* **PROVIDED RECORDS**
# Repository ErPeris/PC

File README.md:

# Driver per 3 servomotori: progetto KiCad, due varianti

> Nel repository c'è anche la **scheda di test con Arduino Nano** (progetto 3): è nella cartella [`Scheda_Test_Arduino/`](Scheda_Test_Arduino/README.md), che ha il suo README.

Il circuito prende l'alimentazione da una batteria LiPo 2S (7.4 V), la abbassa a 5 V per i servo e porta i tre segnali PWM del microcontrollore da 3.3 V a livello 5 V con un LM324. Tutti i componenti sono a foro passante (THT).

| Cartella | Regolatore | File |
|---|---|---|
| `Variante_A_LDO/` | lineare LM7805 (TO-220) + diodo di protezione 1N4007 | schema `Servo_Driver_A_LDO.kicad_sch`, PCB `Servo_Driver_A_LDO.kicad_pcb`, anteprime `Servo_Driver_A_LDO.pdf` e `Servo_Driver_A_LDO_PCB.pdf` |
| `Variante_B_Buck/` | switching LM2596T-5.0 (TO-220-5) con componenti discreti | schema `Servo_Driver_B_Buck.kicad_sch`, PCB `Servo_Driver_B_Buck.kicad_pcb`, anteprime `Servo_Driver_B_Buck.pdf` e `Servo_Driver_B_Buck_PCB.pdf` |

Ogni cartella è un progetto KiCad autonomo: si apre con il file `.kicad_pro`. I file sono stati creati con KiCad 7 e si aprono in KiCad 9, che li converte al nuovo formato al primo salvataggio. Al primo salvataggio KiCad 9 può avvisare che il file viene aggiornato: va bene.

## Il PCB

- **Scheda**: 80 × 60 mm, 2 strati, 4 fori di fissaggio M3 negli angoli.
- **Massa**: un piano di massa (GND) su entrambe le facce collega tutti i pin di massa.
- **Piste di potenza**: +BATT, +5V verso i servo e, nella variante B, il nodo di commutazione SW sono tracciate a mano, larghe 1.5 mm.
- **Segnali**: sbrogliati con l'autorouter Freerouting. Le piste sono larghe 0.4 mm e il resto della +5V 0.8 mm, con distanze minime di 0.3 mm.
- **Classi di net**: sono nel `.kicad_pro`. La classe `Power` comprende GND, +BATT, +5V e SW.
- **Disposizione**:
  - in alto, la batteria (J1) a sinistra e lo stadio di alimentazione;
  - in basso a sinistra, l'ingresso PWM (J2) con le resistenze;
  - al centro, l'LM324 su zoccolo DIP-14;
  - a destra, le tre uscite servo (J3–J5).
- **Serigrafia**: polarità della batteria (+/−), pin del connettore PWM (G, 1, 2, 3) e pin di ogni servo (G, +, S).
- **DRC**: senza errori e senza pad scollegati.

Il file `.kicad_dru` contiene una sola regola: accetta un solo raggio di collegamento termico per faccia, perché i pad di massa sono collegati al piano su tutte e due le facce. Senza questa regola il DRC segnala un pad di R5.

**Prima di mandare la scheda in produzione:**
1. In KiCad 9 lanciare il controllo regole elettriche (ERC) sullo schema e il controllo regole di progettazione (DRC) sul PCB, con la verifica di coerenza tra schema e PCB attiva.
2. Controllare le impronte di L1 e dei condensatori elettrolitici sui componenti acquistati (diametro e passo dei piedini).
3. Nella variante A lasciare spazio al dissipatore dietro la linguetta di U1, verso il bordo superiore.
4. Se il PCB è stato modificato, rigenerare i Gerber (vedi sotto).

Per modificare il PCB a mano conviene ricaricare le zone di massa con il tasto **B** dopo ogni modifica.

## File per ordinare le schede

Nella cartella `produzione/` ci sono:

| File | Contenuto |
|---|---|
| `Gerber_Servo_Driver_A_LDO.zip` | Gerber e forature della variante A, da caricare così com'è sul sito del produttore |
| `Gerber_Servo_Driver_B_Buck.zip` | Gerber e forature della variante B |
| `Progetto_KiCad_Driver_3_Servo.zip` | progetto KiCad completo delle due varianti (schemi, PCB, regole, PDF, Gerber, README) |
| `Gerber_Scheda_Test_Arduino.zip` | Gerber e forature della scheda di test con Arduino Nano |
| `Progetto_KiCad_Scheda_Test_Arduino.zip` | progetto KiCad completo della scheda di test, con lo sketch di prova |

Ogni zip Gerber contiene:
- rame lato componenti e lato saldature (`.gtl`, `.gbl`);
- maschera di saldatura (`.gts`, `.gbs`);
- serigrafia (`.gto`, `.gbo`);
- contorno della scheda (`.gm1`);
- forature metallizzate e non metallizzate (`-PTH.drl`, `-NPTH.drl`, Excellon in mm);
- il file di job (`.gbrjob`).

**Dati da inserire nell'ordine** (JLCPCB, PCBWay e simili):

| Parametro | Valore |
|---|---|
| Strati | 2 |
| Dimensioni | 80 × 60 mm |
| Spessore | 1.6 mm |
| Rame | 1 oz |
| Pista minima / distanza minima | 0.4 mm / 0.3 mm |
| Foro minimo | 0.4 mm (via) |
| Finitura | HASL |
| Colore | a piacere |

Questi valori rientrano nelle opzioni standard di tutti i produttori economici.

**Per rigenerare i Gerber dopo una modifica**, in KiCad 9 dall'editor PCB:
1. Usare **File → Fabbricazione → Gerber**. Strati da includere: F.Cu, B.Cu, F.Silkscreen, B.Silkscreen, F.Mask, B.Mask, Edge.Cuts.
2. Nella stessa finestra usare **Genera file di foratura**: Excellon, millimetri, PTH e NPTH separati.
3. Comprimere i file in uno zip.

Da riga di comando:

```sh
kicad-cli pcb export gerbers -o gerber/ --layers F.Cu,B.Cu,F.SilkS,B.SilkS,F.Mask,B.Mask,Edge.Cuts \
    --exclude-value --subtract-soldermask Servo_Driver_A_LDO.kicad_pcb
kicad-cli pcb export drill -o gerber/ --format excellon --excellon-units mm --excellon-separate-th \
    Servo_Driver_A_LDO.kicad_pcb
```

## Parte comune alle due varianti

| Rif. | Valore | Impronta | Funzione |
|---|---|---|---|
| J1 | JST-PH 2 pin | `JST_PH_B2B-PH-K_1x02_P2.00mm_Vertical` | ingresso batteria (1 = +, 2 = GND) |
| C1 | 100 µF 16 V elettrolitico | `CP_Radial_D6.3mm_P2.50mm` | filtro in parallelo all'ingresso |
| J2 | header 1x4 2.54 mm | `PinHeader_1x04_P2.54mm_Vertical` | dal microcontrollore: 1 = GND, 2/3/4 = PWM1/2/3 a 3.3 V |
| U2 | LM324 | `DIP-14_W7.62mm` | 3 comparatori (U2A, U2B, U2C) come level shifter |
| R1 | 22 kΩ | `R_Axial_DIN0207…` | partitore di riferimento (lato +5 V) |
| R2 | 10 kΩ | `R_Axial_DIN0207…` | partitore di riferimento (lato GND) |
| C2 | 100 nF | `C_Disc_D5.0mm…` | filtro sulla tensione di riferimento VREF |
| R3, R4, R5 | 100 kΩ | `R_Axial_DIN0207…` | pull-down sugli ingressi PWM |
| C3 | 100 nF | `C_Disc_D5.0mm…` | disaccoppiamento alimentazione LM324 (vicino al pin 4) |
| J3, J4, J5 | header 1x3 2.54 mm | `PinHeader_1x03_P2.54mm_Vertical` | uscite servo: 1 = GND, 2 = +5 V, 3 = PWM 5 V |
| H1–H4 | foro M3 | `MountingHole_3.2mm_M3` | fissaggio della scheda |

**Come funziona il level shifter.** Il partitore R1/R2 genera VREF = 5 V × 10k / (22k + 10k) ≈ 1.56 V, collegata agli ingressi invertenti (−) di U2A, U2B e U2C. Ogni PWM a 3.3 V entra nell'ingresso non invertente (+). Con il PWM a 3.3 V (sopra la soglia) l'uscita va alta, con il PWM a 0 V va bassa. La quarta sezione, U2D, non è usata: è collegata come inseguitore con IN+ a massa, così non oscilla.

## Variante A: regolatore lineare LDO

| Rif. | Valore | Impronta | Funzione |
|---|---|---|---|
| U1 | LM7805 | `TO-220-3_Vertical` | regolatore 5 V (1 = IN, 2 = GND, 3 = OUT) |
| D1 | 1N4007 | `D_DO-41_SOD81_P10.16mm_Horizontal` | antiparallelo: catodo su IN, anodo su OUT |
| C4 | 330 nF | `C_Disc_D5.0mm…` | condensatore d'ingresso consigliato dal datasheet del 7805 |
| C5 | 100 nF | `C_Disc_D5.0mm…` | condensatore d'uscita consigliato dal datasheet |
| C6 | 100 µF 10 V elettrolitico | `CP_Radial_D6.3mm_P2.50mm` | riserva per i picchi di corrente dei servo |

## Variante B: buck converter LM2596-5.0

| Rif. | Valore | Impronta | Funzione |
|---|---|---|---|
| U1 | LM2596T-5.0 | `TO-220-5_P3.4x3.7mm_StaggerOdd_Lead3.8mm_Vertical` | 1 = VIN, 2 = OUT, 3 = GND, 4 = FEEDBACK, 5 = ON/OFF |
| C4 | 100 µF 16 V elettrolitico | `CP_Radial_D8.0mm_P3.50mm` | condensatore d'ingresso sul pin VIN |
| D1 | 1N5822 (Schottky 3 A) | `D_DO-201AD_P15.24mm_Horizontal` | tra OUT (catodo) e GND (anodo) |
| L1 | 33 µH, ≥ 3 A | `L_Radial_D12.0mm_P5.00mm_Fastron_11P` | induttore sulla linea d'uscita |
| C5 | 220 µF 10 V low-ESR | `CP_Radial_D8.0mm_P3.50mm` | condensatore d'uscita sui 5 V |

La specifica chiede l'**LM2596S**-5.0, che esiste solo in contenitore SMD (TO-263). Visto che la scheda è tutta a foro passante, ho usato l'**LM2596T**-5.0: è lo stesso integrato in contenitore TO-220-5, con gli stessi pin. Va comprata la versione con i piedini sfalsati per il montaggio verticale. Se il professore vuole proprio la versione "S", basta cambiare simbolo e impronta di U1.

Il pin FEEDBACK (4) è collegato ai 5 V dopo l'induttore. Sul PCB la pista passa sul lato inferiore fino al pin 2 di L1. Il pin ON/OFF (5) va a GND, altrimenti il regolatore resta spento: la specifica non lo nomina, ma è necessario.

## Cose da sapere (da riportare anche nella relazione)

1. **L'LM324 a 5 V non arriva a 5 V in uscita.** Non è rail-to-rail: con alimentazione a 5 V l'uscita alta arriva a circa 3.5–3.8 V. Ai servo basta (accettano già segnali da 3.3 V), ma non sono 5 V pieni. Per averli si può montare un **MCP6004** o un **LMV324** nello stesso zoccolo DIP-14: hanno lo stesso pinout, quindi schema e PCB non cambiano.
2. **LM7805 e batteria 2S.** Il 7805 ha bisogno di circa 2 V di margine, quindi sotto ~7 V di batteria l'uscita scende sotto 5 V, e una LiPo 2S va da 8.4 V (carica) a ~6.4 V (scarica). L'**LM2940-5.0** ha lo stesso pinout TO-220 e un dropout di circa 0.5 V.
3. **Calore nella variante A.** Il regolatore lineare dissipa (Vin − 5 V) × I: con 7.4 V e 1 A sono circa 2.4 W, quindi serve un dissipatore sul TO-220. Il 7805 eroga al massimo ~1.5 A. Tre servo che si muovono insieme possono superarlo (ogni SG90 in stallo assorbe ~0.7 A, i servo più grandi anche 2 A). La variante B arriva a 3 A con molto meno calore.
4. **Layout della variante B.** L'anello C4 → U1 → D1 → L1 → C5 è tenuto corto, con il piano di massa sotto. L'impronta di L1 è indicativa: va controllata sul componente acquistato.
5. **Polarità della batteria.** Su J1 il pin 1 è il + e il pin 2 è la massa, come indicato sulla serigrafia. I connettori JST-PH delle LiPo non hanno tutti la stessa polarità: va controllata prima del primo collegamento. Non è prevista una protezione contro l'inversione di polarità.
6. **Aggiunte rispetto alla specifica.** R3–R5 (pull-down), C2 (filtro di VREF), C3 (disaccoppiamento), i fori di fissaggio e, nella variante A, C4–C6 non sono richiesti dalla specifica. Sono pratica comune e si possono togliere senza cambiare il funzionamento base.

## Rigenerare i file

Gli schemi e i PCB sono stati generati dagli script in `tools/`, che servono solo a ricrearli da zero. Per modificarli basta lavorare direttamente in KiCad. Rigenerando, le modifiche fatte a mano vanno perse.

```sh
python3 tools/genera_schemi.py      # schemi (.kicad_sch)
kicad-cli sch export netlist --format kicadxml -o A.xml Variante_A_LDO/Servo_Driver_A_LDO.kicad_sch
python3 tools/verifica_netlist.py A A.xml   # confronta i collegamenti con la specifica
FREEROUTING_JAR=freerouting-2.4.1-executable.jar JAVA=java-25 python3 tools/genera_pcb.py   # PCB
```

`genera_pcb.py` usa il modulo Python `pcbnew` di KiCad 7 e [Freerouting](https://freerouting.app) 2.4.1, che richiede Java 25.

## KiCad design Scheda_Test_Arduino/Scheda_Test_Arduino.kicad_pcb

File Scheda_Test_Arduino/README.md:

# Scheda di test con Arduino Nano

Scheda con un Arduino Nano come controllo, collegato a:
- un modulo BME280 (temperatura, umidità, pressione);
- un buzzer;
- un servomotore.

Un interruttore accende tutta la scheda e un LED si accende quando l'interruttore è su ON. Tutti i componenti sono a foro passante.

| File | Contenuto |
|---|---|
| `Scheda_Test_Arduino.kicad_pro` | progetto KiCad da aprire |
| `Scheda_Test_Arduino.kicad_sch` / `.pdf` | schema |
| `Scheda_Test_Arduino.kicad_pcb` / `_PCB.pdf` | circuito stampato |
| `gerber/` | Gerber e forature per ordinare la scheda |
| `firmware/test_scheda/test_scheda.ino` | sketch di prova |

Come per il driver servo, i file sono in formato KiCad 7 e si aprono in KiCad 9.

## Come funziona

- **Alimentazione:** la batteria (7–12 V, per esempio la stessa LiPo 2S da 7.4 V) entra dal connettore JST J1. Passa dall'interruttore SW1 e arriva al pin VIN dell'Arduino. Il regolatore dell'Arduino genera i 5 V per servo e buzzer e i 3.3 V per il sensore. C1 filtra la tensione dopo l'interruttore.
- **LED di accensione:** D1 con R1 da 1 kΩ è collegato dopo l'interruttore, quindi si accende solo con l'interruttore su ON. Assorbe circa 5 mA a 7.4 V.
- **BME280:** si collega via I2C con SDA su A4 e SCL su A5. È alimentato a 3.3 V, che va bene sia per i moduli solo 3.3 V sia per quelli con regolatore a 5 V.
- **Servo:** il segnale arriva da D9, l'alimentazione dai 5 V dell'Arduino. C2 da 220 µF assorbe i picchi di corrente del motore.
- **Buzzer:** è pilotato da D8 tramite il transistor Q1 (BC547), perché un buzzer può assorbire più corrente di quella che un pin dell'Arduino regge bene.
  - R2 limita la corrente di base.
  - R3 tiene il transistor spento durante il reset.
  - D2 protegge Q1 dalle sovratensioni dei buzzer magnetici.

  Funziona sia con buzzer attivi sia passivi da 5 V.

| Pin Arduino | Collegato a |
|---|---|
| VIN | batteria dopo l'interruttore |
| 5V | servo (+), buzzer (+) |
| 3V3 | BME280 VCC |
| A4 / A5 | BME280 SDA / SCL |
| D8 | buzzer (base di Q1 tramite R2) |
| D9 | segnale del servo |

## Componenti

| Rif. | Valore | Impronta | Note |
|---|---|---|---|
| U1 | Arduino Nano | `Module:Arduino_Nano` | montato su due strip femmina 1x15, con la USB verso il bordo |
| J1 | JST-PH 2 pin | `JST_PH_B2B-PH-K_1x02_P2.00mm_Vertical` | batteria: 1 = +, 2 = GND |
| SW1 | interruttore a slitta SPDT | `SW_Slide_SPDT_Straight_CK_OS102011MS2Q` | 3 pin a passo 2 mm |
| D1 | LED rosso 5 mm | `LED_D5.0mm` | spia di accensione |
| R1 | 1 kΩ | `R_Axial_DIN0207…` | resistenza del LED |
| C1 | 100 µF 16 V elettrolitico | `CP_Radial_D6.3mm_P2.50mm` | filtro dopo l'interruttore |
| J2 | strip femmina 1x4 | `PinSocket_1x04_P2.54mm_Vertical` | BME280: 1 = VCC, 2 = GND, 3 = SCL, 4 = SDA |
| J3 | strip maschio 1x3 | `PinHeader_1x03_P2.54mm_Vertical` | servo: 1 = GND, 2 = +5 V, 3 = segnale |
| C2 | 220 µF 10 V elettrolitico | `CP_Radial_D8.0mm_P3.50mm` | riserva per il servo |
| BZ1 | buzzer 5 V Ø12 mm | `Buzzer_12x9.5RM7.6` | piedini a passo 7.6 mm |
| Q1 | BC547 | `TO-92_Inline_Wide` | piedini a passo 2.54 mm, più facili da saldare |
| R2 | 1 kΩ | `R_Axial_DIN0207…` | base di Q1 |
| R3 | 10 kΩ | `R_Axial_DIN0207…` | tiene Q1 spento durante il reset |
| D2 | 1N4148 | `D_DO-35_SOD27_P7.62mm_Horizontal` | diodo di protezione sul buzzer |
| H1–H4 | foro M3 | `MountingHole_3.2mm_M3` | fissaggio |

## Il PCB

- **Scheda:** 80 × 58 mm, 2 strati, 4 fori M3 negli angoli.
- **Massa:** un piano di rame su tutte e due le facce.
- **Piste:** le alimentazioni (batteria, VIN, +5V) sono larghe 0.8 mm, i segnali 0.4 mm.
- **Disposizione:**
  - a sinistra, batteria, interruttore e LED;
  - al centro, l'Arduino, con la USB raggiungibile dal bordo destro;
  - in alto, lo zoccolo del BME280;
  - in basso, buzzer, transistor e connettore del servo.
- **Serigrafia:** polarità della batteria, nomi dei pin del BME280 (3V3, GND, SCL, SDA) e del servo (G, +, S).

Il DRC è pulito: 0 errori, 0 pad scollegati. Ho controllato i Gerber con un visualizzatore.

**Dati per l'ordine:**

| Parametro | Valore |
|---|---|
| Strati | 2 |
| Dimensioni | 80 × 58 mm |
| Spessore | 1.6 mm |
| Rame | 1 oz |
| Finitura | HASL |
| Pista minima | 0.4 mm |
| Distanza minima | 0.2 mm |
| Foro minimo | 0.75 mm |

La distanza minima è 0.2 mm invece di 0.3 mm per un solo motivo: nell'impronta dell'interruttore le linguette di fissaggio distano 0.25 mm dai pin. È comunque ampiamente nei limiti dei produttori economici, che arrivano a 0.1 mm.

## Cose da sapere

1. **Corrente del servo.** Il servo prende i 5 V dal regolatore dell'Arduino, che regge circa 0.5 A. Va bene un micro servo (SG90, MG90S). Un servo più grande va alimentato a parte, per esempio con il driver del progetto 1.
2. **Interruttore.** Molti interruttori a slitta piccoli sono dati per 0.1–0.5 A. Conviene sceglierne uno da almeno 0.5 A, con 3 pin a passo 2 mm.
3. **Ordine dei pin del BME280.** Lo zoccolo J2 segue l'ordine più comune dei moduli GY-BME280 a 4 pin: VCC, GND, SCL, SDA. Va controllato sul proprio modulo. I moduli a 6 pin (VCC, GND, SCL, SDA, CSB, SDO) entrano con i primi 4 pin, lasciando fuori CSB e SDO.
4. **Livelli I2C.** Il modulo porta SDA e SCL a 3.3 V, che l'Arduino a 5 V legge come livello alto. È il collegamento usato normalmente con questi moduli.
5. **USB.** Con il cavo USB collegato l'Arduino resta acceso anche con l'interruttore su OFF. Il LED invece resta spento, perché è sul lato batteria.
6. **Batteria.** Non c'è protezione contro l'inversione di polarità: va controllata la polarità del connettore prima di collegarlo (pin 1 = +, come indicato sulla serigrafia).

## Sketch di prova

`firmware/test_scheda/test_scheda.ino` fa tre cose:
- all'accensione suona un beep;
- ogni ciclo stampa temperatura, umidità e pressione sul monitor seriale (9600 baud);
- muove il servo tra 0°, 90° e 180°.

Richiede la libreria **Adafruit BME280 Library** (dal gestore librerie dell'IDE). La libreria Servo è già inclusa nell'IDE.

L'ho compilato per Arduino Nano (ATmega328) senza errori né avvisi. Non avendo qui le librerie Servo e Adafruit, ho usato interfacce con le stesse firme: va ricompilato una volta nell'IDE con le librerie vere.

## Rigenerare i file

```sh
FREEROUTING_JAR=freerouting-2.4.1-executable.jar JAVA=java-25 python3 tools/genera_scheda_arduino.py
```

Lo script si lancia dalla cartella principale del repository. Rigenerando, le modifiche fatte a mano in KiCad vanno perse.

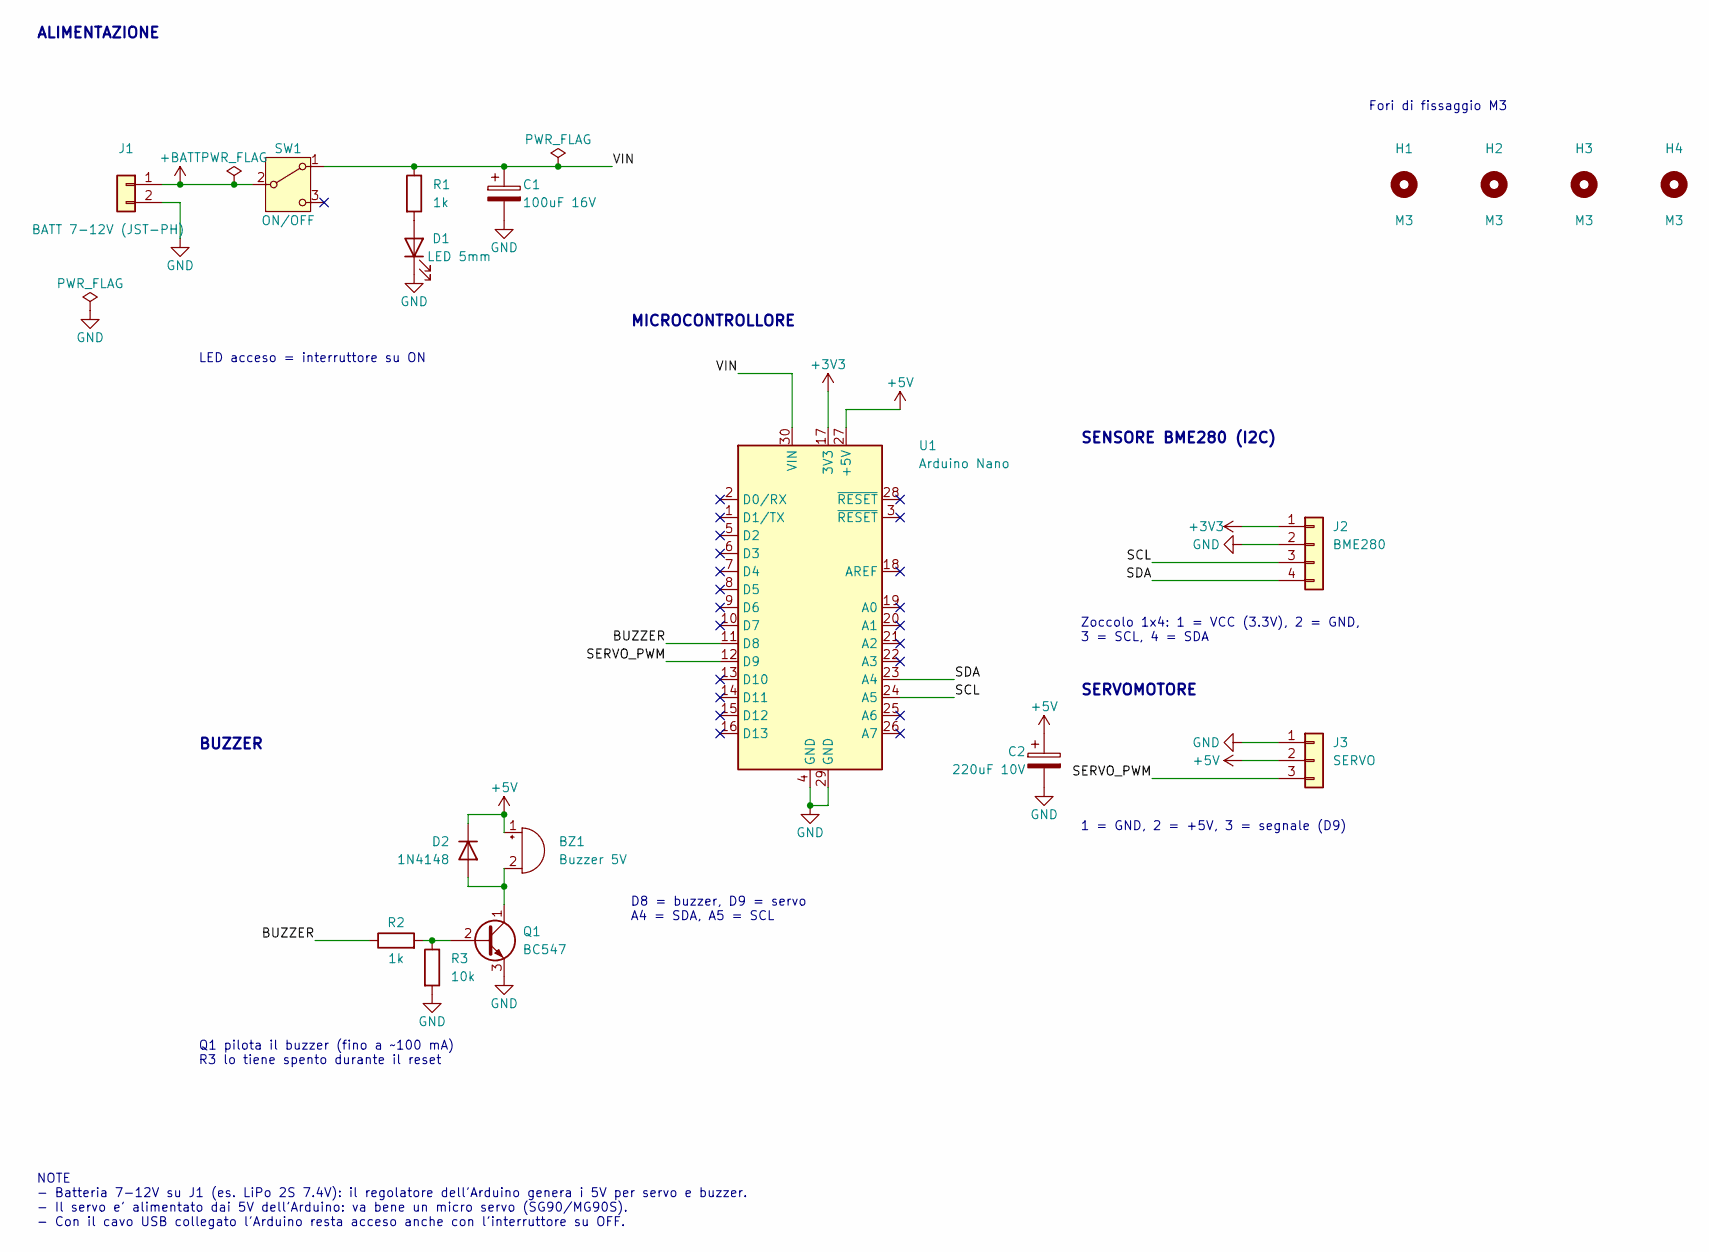
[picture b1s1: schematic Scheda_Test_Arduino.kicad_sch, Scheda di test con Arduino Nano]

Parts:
BZ1: Buzzer 5V; Buzzer_12x9.5RM7.6
C1: 100uF 16V; CP_Radial_D6.3mm_P2.50mm
C2: 220uF 10V; CP_Radial_D8.0mm_P3.50mm
D1: LED 5mm; LED_D5.0mm
D2: 1N4148; D_DO-35_SOD27_P7.62mm_Horizontal
H1, H2, H3, H4: M3; MountingHole_3.2mm_M3
J1: BATT 7-12V (JST-PH); JST_PH_B2B-PH-K_1x02_P2.00mm_Vertical
J2: BME280; PinSocket_1x04_P2.54mm_Vertical
J3: SERVO; PinHeader_1x03_P2.54mm_Vertical
Q1: BC547; TO-92_Inline_Wide
R1, R2: 1k; R_Axial_DIN0207_L6.3mm_D2.5mm_P10.16mm_Horizontal
R3: 10k; R_Axial_DIN0207_L6.3mm_D2.5mm_P10.16mm_Horizontal
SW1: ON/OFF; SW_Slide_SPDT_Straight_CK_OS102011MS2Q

* **YOUR ASSIGNMENT**
Would you quote everything above from the line containing "3 = PWM 5 V |" down to the line containing "della scheda |"? Include both of those lines and nothing else.

* **OUTPUT FOR THIS TASK**
| J3, J4, J5 | header 1x3 2.54 mm | `PinHeader_1x03_P2.54mm_Vertical` | uscite servo: 1 = GND, 2 = +5 V, 3 = PWM 5 V |
| H1–H4 | foro M3 | `MountingHole_3.2mm_M3` | fissaggio della scheda |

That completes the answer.